Paul did make a huge change in the status of women and in marriage, but not the one we ascribe to him. By bringing the question of happiness into it, he let loose not only that hope and possibility, but with it all of the complexity that ancient customs had tamped down. People now had to figure out relationships between the sexes: whether to have relationships at all, whether they bring too much pain and trouble, whether something else would be more fulfilling, how to balance relationships with the spiritual life, and how to love each other selflessly rather than take each other for granted as providers and breeders. It’s lucky that Christians counted on divine help, because they were going to need it.

— Sarah Ruden, Paul Among the People, by Sarah Ruden

Real Self-Love

Real love allows for failure and suffering. All of us have made mistakes, and some of those mistakes were consequential, but you can find a way to relate to them with kindness. No matter what troubles have befallen you or what difficulties you have caused yourself or others, with love for yourself you can change, grow, make amends, and learn. Real love is not about letting yourself off the hook. Real love does not encourage you to ignore your problems or deny your mistakes and imperfections. You see them clearly and still opt to love.

— Sharon Salzberg, Real Love, p. 16

Increasing Accountability with Self-Forgiveness

Surprisingly, it’s forgiveness, not guilt, that increases accountability. Researchers have found that taking a self-compassionate point of view on a personal failure makes people more likely to take personal responsibility for the failure than when they take a self-critical point of view. They also are more willing to receive feedback and advice from others, and more likely to learn from the experience.

— Kelly McGonigal, The Willpower Instinct, p. 148.

No Limit

I find it quite interesting that many of those who are most vocal about endless punishment have no difficulty believing that God can forgive the worst sins right up to the point of someone’s physical death. They simply don’t believe that God’s love and forgiveness continue into the ages to come. Instead, they believe God places a limit on His grace. But God’s grace is far greater than mankind’s sin. In fact, the Apostle Paul tells us, ” . . . where sin increased, grace increased all the more.”

— George W. Sarris, Heaven’s Doors, p. 152-153

God Doesn’t Do Control.

What does the power of the cross mean for us? Or for those who suffer? It means the same Christ crucified on Good Friday now fills the universe with his cruciform love. He does not passively and powerlessly witness the abuse of his children or the oppression of the poor and ‘do nothing.’ Rather, enters the suffering, experiences the anguish, lives the sorrow for all, with all, for all the time. The Christlike God drinks our cup of suffering. The Lamb slain bore it all, right down to the foundations of the cosmos. Secondary causes nailed him to the Tree of affliction. And what did Christ do? In love, he consented to co-suffer with us in solidarity.

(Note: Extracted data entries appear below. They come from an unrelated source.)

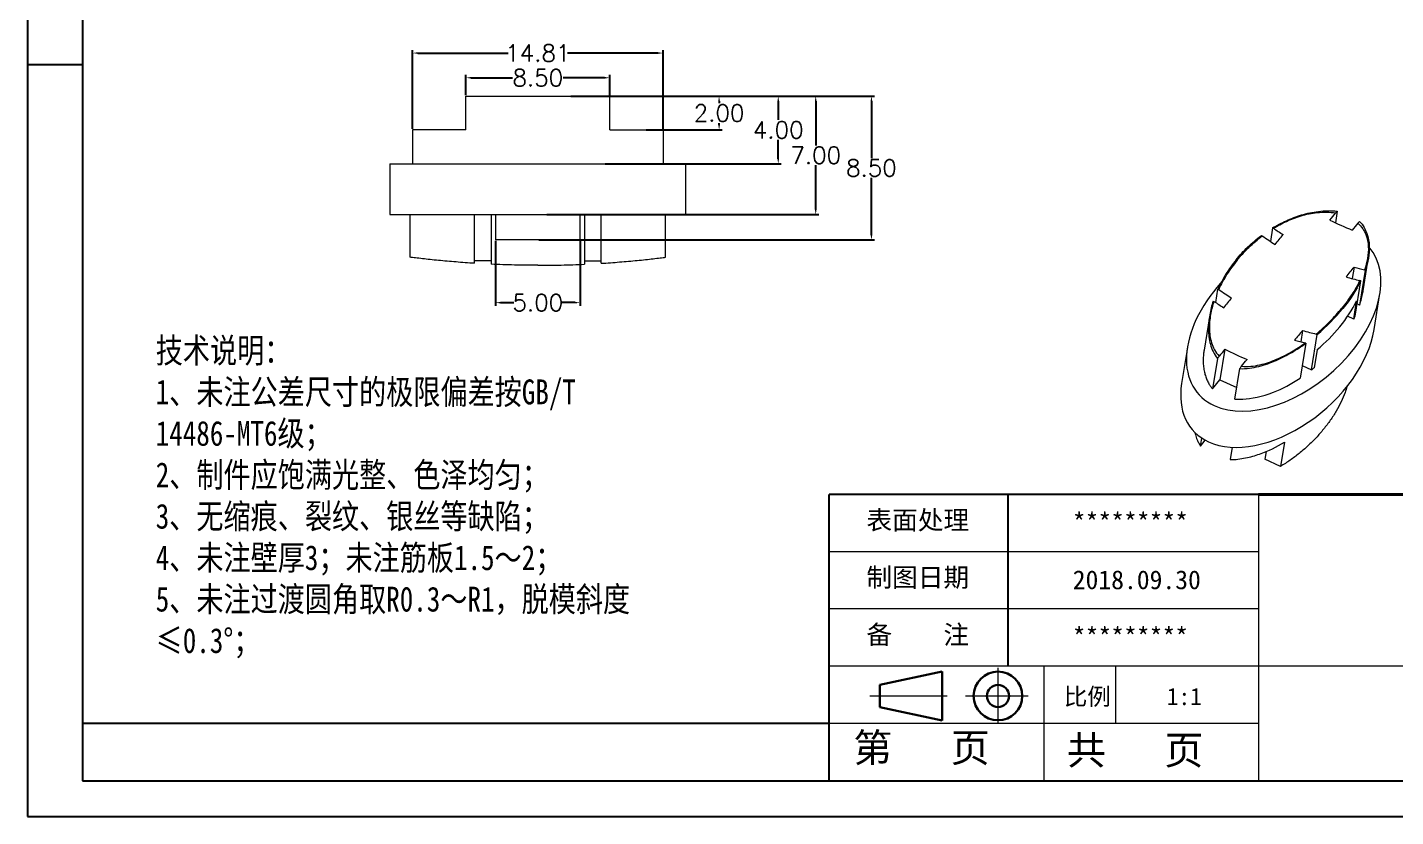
# Model space of a CAD drawing. Header units: inches. Extents: x 2021 to 2602, y 573 to 662.
# Drawn here: x 2176 to 2256.9, y 573 to 619.6 of the extents above; entities that cross this region are included whole.
import ezdxf

# ---------------------------------------------------------------- set-up
doc = ezdxf.new("R2010")
doc.units = ezdxf.units.IN
doc.linetypes.add('CENTER2', pattern=[28.575, 19.05, -3.175, 3.175, -3.175])
doc.layers.add('文字', color=81, linetype='Continuous')
for name, color, linetype, lineweight in [('粗实线', 7, 'Continuous', 30), ('细实线', 3, 'Continuous', 9), ('细点划线', 2, 'CENTER2', 9)]:
    doc.layers.add(name, color=color, linetype=linetype, lineweight=lineweight)
doc.styles.get("Standard").update_dxf_attribs({"font": 'txt', "bigfont": 'gbcbig.shx'})
doc.styles.add('宋体', font='', dxfattribs={"width": 0.8, "height": 3.5})
doc.styles.get('宋体').set_extended_font_data('SimSun')
doc.dimstyles.new('1.5', dxfattribs={"dimtxt": 1, "dimasz": 0.3, "dimexe": 0.18, "dimexo": 0.0625, "dimgap": 0.09, "dimtad": 0, "dimtih": 1, "dimtoh": 1, "dimzin": 0, "dimdsep": 46, "dimtxsty": 'Standard', "dimcen": 0, "dimadec": 0, "dimazin": 2, "dimtfac": 1, "dimtofl": 0, "dimtmove": 0, "dimatfit": 3, "dimfxl": 0, "dimtolj": 1, "dimtzin": 0, "dimarcsym": 0})

# ---------------------------------------------------------------- blocks, each defined once
blk = doc.blocks.new('*D208')
at = {"color": 0, "lineweight": -2, "transparency": 16777216}
for p, q in [((2201.977, 615.607), (2201.977, 616.809)), ((2202.277, 616.629), (2204.72, 616.629)), ((2210.177, 616.629), (2207.734, 616.629)), ((2210.477, 615.607), (2210.477, 616.809))]:
    blk.add_line(p, q, dxfattribs=at)
at = {"color": 0, "transparency": 16777216}
for points in [[(2202.277, 616.679), (2202.277, 616.579), (2201.977, 616.629)], [(2210.177, 616.679), (2210.177, 616.579), (2210.477, 616.629)]]:
    blk.add_solid(points, dxfattribs=at)
at = {"layer": 'Defpoints', "color": 0, "transparency": 16777216}
for p in [(2201.977, 616.629), (2201.977, 615.545), (2210.477, 615.545)]:
    blk.add_point(p, dxfattribs=at)
at = {"color": 0, "transparency": 16777216, "insert": (2206.227, 616.629), "char_height": 1, "attachment_point": 5}
blk.add_mtext('\\A1;8.50', dxfattribs=at)
blk = doc.blocks.new('*D209')
at = {"color": 0, "lineweight": -2, "transparency": 16777216}
for p, q in [((2198.824, 613.607), (2198.824, 618.27)), ((2213.63, 613.607), (2213.63, 618.27)), ((2199.124, 618.09), (2204.47, 618.09)), ((2213.33, 618.09), (2207.984, 618.09))]:
    blk.add_line(p, q, dxfattribs=at)
at = {"color": 0, "transparency": 16777216}
for points in [[(2199.124, 618.14), (2199.124, 618.04), (2198.824, 618.09)], [(2213.33, 618.14), (2213.33, 618.04), (2213.63, 618.09)]]:
    blk.add_solid(points, dxfattribs=at)
at = {"layer": 'Defpoints', "color": 0, "transparency": 16777216}
for p in [(2213.63, 618.09), (2198.824, 613.545), (2213.63, 613.545)]:
    blk.add_point(p, dxfattribs=at)
at = {"color": 0, "transparency": 16777216, "insert": (2206.227, 618.09), "char_height": 1, "attachment_point": 5}
blk.add_mtext('\\A1;14.81', dxfattribs=at)
blk = doc.blocks.new('*D210')
at = {"color": 0, "lineweight": -2, "transparency": 16777216}
for p, q in [((2203.727, 606.982), (2203.727, 603.156)), ((2208.727, 606.982), (2208.727, 603.156)), ((2204.027, 603.336), (2204.804, 603.336)), ((2208.427, 603.336), (2207.65, 603.336))]:
    blk.add_line(p, q, dxfattribs=at)
at = {"color": 0, "transparency": 16777216}
for points in [[(2204.027, 603.386), (2204.027, 603.286), (2203.727, 603.336)], [(2208.427, 603.386), (2208.427, 603.286), (2208.727, 603.336)]]:
    blk.add_solid(points, dxfattribs=at)
at = {"layer": 'Defpoints', "color": 0, "transparency": 16777216}
for p in [(2203.727, 607.045), (2208.727, 607.045), (2208.727, 603.336)]:
    blk.add_point(p, dxfattribs=at)
at = {"color": 0, "transparency": 16777216, "insert": (2206.227, 603.336), "char_height": 1, "attachment_point": 5}
blk.add_mtext('\\A1;5.00', dxfattribs=at)
blk = doc.blocks.new('*D211')
at = {"color": 0, "lineweight": -2, "transparency": 16777216}
for p, q in [((2208.955, 615.545), (2217.125, 615.545)), ((2216.945, 615.245), (2216.945, 615.135)), ((2212.633, 613.545), (2217.125, 613.545)), ((2216.945, 613.845), (2216.945, 613.955))]:
    blk.add_line(p, q, dxfattribs=at)
at = {"color": 0, "transparency": 16777216}
for points in [[(2216.895, 615.245), (2216.995, 615.245), (2216.945, 615.545)], [(2216.895, 613.845), (2216.995, 613.845), (2216.945, 613.545)]]:
    blk.add_solid(points, dxfattribs=at)
at = {"layer": 'Defpoints', "color": 0, "transparency": 16777216}
for p in [(2208.892, 615.545), (2212.571, 613.545), (2216.945, 613.545)]:
    blk.add_point(p, dxfattribs=at)
at = {"color": 0, "transparency": 16777216, "insert": (2216.945, 614.545), "char_height": 1, "attachment_point": 5}
blk.add_mtext('\\A1;2.00', dxfattribs=at)
blk = doc.blocks.new('*D212')
at = {"color": 0, "lineweight": -2, "transparency": 16777216}
for p, q in [((2208.179, 615.545), (2220.622, 615.545)), ((2220.442, 615.245), (2220.442, 614.135)), ((2220.442, 611.845), (2220.442, 612.955)), ((2210.213, 611.545), (2220.622, 611.545))]:
    blk.add_line(p, q, dxfattribs=at)
at = {"color": 0, "transparency": 16777216}
for points in [[(2220.392, 615.245), (2220.492, 615.245), (2220.442, 615.545)], [(2220.392, 611.845), (2220.492, 611.845), (2220.442, 611.545)]]:
    blk.add_solid(points, dxfattribs=at)
at = {"layer": 'Defpoints', "color": 0, "transparency": 16777216}
for p in [(2208.117, 615.545), (2210.151, 611.545), (2220.442, 611.545)]:
    blk.add_point(p, dxfattribs=at)
at = {"color": 0, "transparency": 16777216, "insert": (2220.442, 613.545), "char_height": 1, "attachment_point": 5}
blk.add_mtext('\\A1;4.00', dxfattribs=at)
blk = doc.blocks.new('*D213')
at = {"color": 0, "lineweight": -2, "transparency": 16777216}
for p, q in [((2209.017, 615.545), (2226.133, 615.545)), ((2225.953, 615.245), (2225.953, 611.885)), ((2225.953, 607.345), (2225.953, 610.705)), ((2206.289, 607.045), (2226.133, 607.045))]:
    blk.add_line(p, q, dxfattribs=at)
at = {"color": 0, "transparency": 16777216}
for points in [[(2225.903, 615.245), (2226.003, 615.245), (2225.953, 615.545)], [(2225.903, 607.345), (2226.003, 607.345), (2225.953, 607.045)]]:
    blk.add_solid(points, dxfattribs=at)
at = {"layer": 'Defpoints', "color": 0, "transparency": 16777216}
for p in [(2208.955, 615.545), (2206.227, 607.045), (2225.953, 607.045)]:
    blk.add_point(p, dxfattribs=at)
at = {"color": 0, "transparency": 16777216, "insert": (2225.953, 611.295), "char_height": 1, "attachment_point": 5}
blk.add_mtext('\\A1;8.50', dxfattribs=at)
blk = doc.blocks.new('*D214')
at = {"color": 0, "lineweight": -2, "transparency": 16777216}
for p, q in [((2208.955, 615.545), (2222.838, 615.545)), ((2222.658, 615.245), (2222.658, 612.635)), ((2222.658, 608.845), (2222.658, 611.455)), ((2206.757, 608.545), (2222.838, 608.545))]:
    blk.add_line(p, q, dxfattribs=at)
at = {"color": 0, "transparency": 16777216}
for points in [[(2222.608, 615.245), (2222.708, 615.245), (2222.658, 615.545)], [(2222.608, 608.845), (2222.708, 608.845), (2222.658, 608.545)]]:
    blk.add_solid(points, dxfattribs=at)
at = {"layer": 'Defpoints', "color": 0, "transparency": 16777216}
for p in [(2208.892, 615.545), (2222.658, 615.545), (2206.695, 608.545)]:
    blk.add_point(p, dxfattribs=at)
at = {"color": 0, "transparency": 16777216, "insert": (2222.658, 612.045), "char_height": 1, "attachment_point": 5}
blk.add_mtext('\\A1;7.00', dxfattribs=at)

msp = doc.modelspace()

# ---------------------------------------------------------------- linework, layer by layer
for p, q in [((2176.044, 661.842), (2176.044, 572.957)), ((2179.297, 659.726), (2179.297, 575.073)), ((2179.297, 617.399), (2176.044, 617.399)), ((2176.044, 614.107), (2176.044, 572.957)), ((2248.846, 592.004), (2223.45, 592.004)), ((2223.45, 575.073), (2223.45, 592.004)), ((2234.031, 581.845), (2234.031, 592.004)), ((2223.45, 578.459), (2179.297, 578.459)), ((2179.297, 575.073), (2299.637, 575.073)), ((2176.044, 572.957), (2301.754, 572.957)), ((2176.044, 572.957), (2234.243, 572.957))]:
    msp.add_line(p, q)
at = {"color": 7, "linetype": 'Continuous', "lineweight": 15}
for p, q in [((2201.977, 613.545), (2201.977, 615.545)), ((2210.477, 613.545), (2210.477, 615.545)), ((2198.824, 613.545), (2198.824, 611.545)), ((2213.63, 613.545), (2213.63, 611.545)), ((2197.477, 611.545), (2197.477, 608.545)), ((2197.477, 611.545), (2214.977, 611.545)), ((2214.977, 608.545), (2214.977, 611.545)), ((2197.477, 608.545), (2214.977, 608.545)), ((2198.673, 606.02), (2198.673, 608.545)), ((2202.477, 605.662), (2202.477, 608.545)), ((2203.477, 608.545), (2203.477, 605.608)), ((2203.727, 608.545), (2203.727, 607.045)), ((2208.727, 607.045), (2208.727, 608.545)), ((2208.977, 608.545), (2208.977, 605.608)), ((2209.977, 605.662), (2209.977, 608.545)), ((2213.781, 606.02), (2213.781, 608.545)), ((2253.496, 608.738), (2253.388, 608.061)), ((2249.675, 607.753), (2249.548, 606.956)), ((2249.721, 607.731), (2249.675, 607.753)), ((2249.012, 607.307), (2249.063, 607.283)), ((2255.03, 604.042), (2255.347, 606.036)), ((2247.57, 605.841), (2247.512, 605.868)), ((2254.493, 605.437), (2254.384, 604.758)), ((2255.146, 605.252), (2254.819, 603.197)), ((2255.099, 605.273), (2255.146, 605.252)), ((2254.55, 602.53), (2254.883, 604.623)), ((2254.883, 604.623), (2254.833, 604.646)), ((2246.308, 603.343), (2246.434, 604.139)), ((2246.485, 604.116), (2246.434, 604.139)), ((2255.677, 601.743), (2256.018, 603.881)), ((2246.159, 603.433), (2246.206, 603.412)), ((2253.82, 602.985), (2253.762, 603.011)), ((2254.472, 602.368), (2254.642, 603.437)), ((2254.819, 603.197), (2254.667, 603.267)), ((2245.935, 602.507), (2245.621, 600.533)), ((2245.938, 602.526), (2245.938, 602.525)), ((2254.472, 602.368), (2254.106, 602.535)), ((2251.445, 601.692), (2251.338, 601.017)), ((2251.972, 599.363), (2252.305, 601.456)), ((2252.255, 601.479), (2252.305, 601.456)), ((2244.634, 600.694), (2244.294, 598.556)), ((2246.849, 600.583), (2246.561, 598.769)), ((2251.631, 600.933), (2251.304, 598.878)), ((2251.631, 600.933), (2251.584, 600.954)), ((2252.298, 600.558), (2252.128, 599.489)), ((2246.414, 600.038), (2246.128, 598.238)), ((2251.421, 599.615), (2251.972, 599.363)), ((2246.128, 598.238), (2246.561, 598.769)), ((2246.561, 598.769), (2247.55, 598.317)), ((2247.442, 597.637), (2247.728, 599.437)), ((2245.413, 594.861), (2245.487, 595.329)), ((2245.413, 594.861), (2245.693, 595.206)), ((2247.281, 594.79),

In that sense, I say God is in charge, but he is not in control, because he doesn’t do control. Sometimes I wish he did, but as I scan history and humanity, I don’t see him controlling. Sometimes he seems and feels absent, distant and silent, weak or maybe even dead. Did God simply die and abandon us all to go to ‘hell in a hand basket’?

No! Rather than control and coerce, God-in-Christ cares and consents to suffer with and for us. We don’t concede to the false image of a ‘lame duck’ dad who sits by silently, watching his kids getting beaten by the bully. Instead, we look to the true image of the cruciform — Christ himself — the One who heard our groans and came down to suffer and die with us in order to overcome affliction, defeat death and raise us up to live and reign with him.

— Bradley Jersak, A More Christlike God, p. 133

Commitment to Joy

Yes, He does want His children to live in joy, and there’s a way to do it if we’ll trust Him.

The way begins with commitment. To become a Christian in the first place, one decides to follow Jesus no matter what. Why not make a similar commitment in regard to joy — to rejoice in the Lord always, no matter what? Isn’t it only a lack of faith that keeps us from this?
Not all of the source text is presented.